Rapid regulation of NaCl secretion by estuarine teleost fish: coping strategies for short-duration freshwater exposures

This review summarizes the mechanism of Cl(-) active secretion and its regulation in estuarine teleost fish. Small estuarine fish such as the killifish, Fundulus heteroclitus, forage in shallow water following advancing tides and are exposed regularly to very dilute microenvironments. Using the killifish opercular epithelium and related teleost membranes containing mitochondria-rich cells, the regulation includes a reduction of active Cl(-) secretion and passive diffusive ion loss in a three-stage process spanning approximately 30 min.

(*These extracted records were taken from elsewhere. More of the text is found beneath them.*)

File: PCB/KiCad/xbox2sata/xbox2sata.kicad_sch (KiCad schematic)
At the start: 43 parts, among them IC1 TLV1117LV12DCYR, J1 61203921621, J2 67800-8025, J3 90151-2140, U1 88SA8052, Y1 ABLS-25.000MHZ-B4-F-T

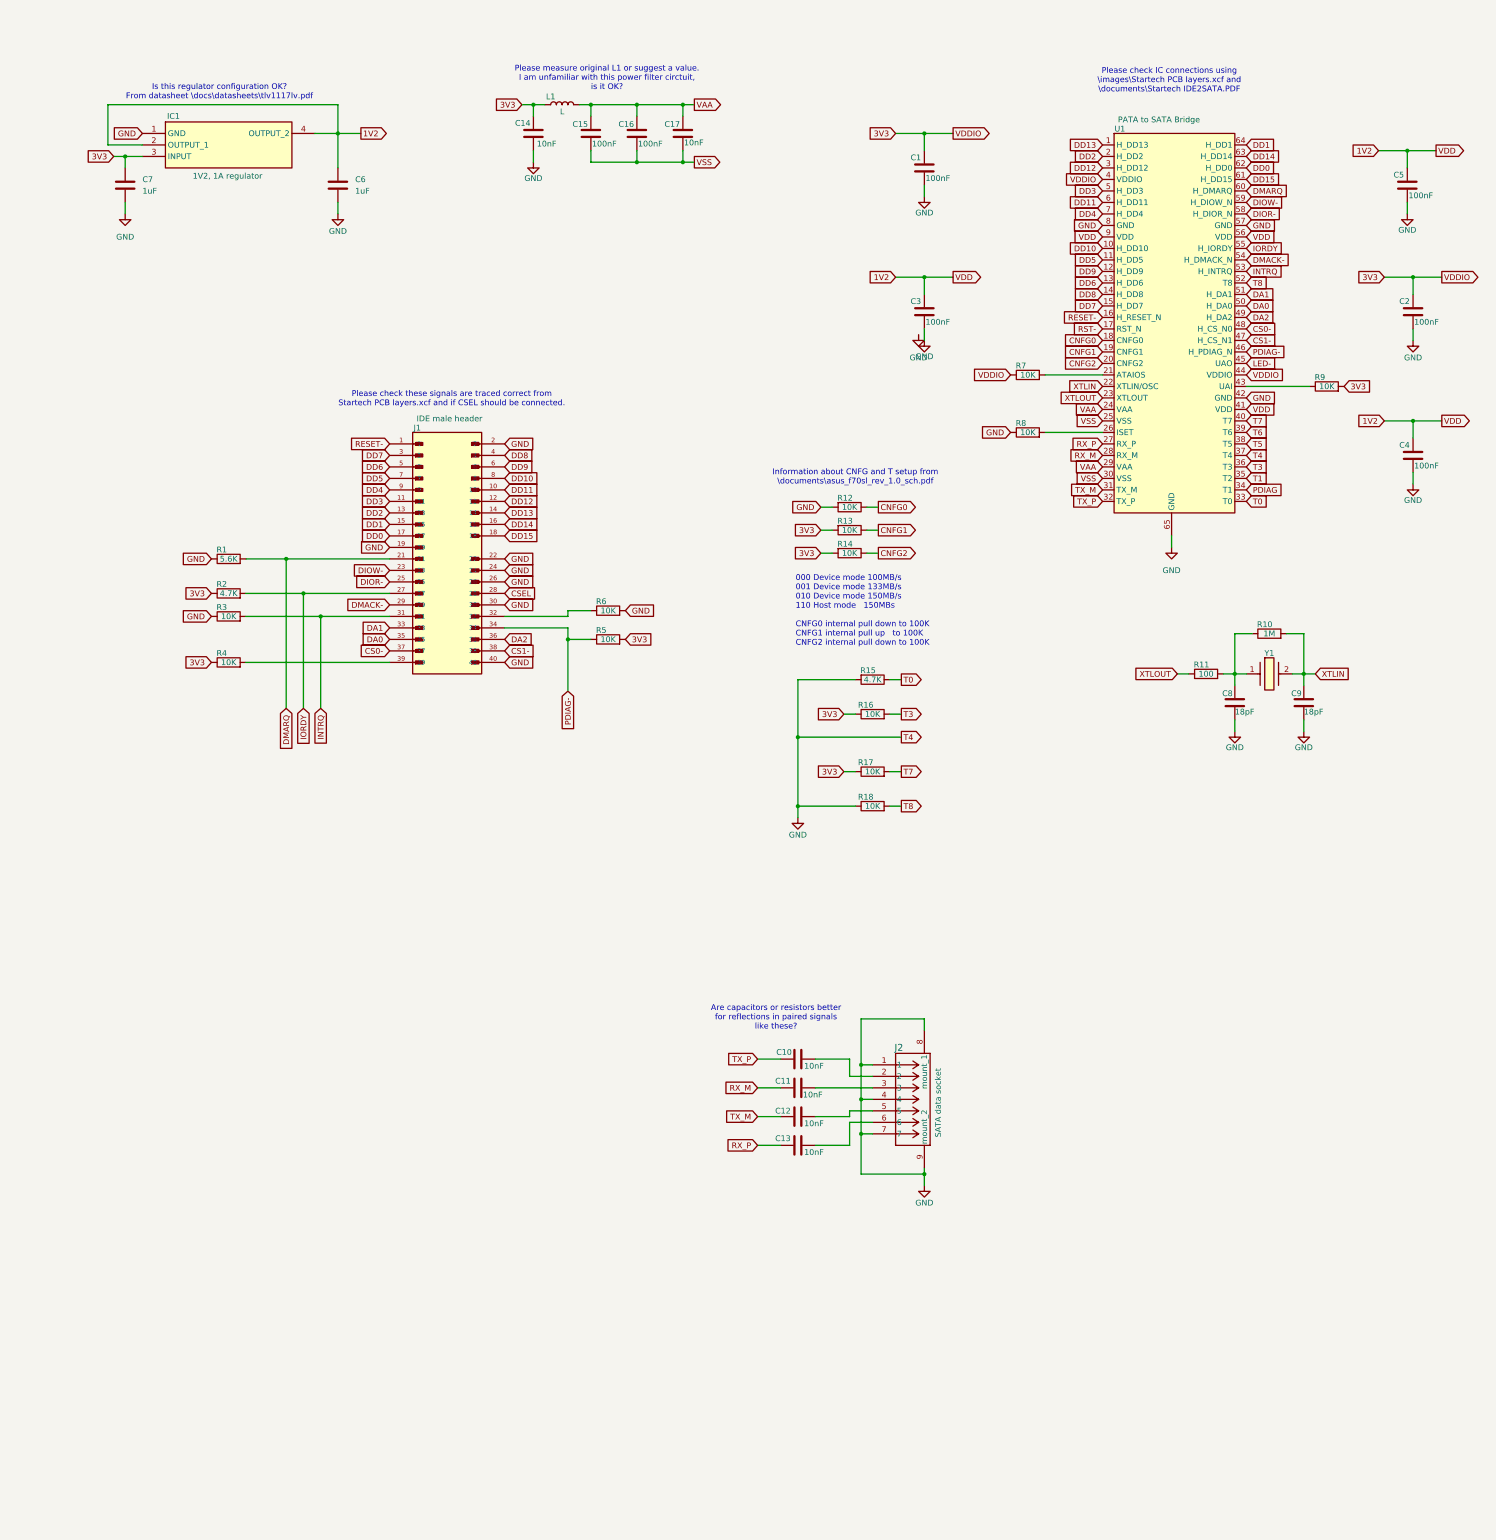
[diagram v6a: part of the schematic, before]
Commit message: 1V2 regulator circuit corrected, all labels need correcting
1V2 regulator circuit corrected, all labels need correcting
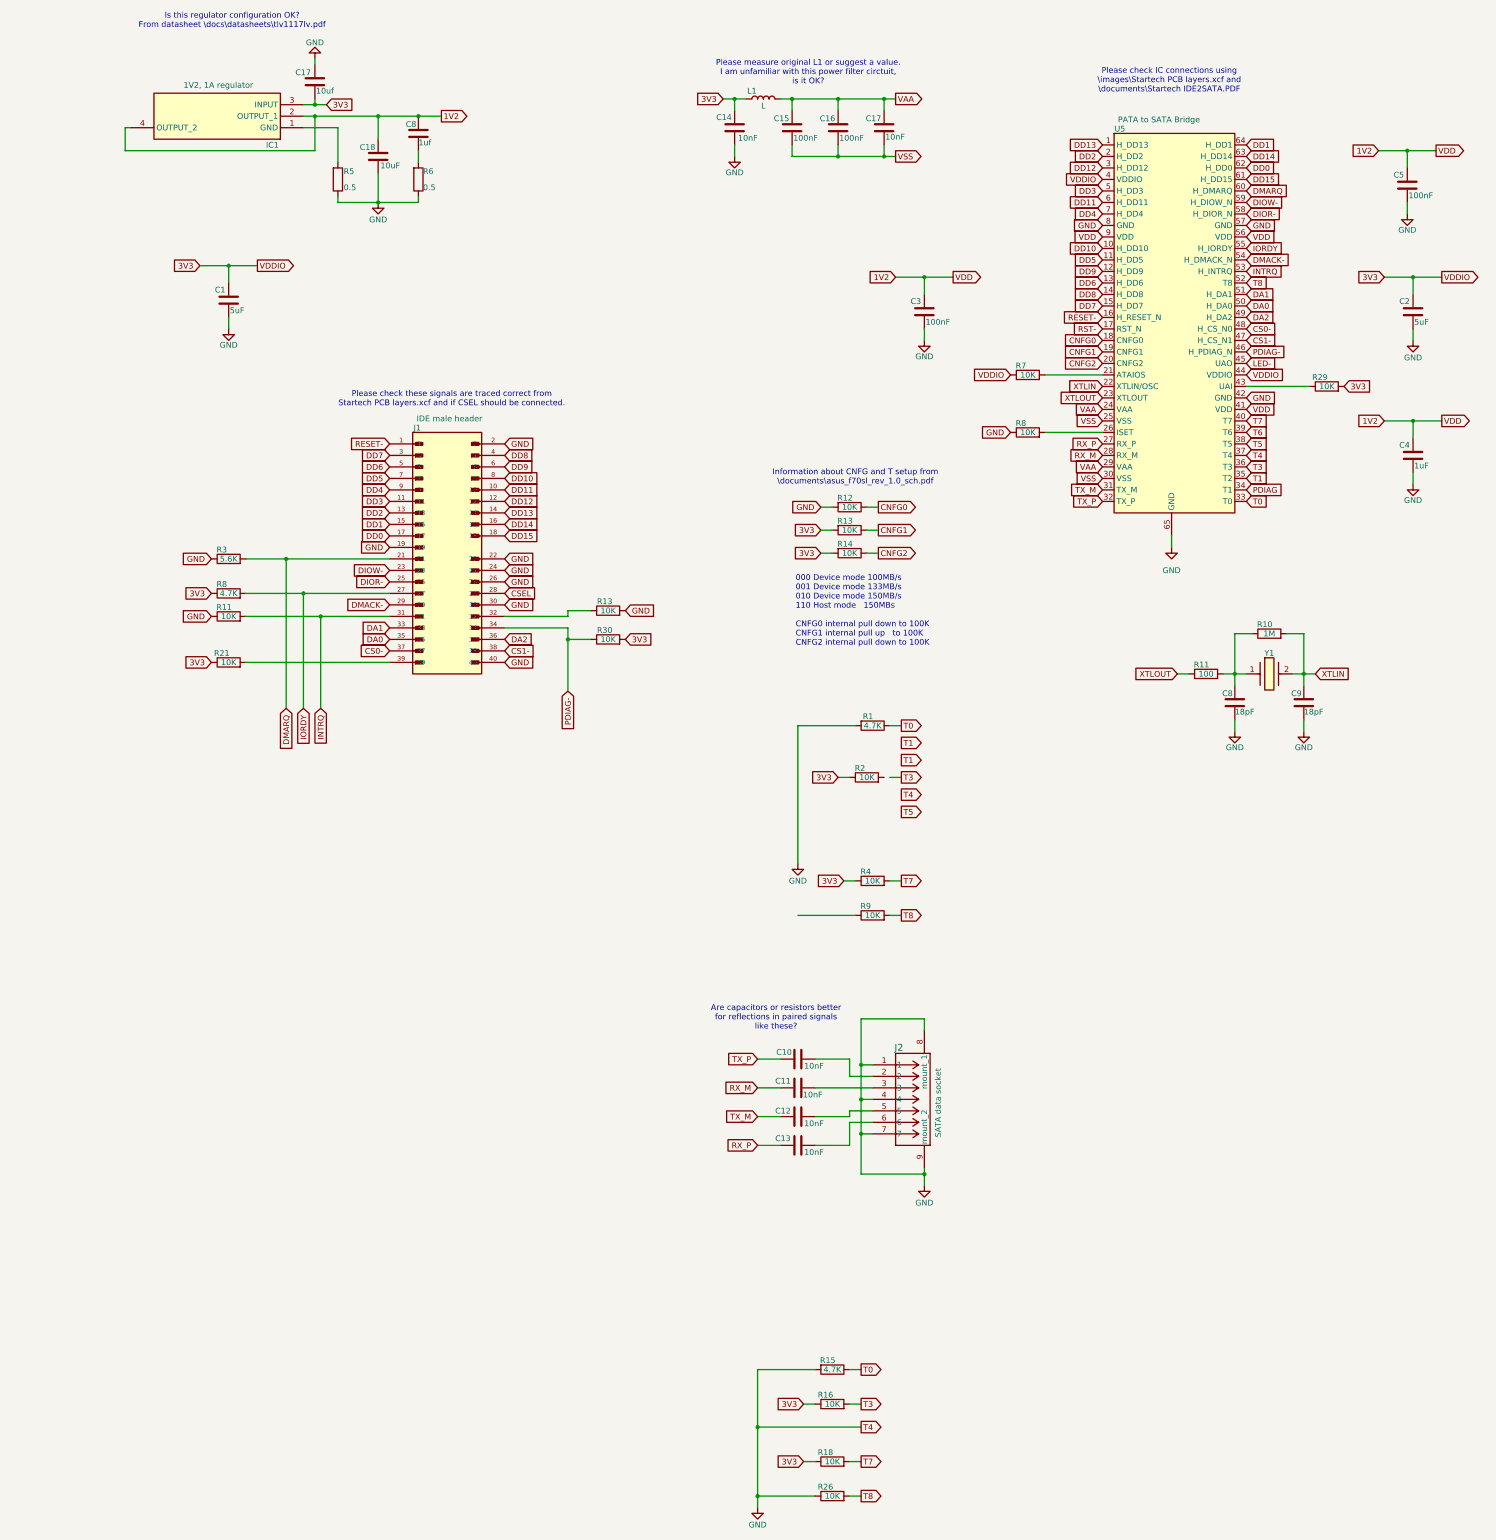
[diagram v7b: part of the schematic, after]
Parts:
- added C8: 1uf, symbol Device:C
- added R1: 4.7K, Resistor_SMD:R_0402_1005Metric_Pad0.72x0.64mm_HandSolder, symbol Device:R
- added R2, R4, R9: 10K, Resistor_SMD:R_0402_1005Metric_Pad0.72x0.64mm_HandSolder, symbol Device:R
- added R5, R6: 0.5, symbol Device:R
- C1, C2: value 100nF -> 5uF
- C17: renamed from C7; value 1uF -> 10uf
- C18: renamed from C6; value 1uF -> 10uF
- C4: value 100nF -> 1uF
- renumbered R3 to R11, R6 to R13, R17 to R18, R4 to R21, R18 to R26, R9 to R29, R1 to R3, R5 to R30, R2 to R8, U1 to U5
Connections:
- net 1V2: now also C8.2
- net 3V3: now also R2.1, R4.1
- net GND: now also R1.2, R5.1, R6.1; no longer IC1.1 (GND)
- net T0: now also R1.1
- net T7: now also R4.2
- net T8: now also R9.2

There is a combination of sympathetic neural reflex mediated by alpha(2)-adrenoceptors operating via intracellular inositol tris phosphate and intracellular Ca(2+) and a cellular hypotonic shock response, followed by covering over of ion-secreting cells by pavement cells. This effectively minimizes salt loss in dilute media. The upregulation of salt secretion on return to full strength seawater may be via hormones (arginine vasotocin and urotensin I) and neurotransmitter (vasoactive intestinal polypeptide) in combination with hypertonic shock. A hypothetical model includes involvement of protein kinase A and C and protein phosphatases 1 and 2A in regulation of the NKCC1 cotransporter on the basolateral side and protein kinase A regulation of the CFTR-like apical anion channel.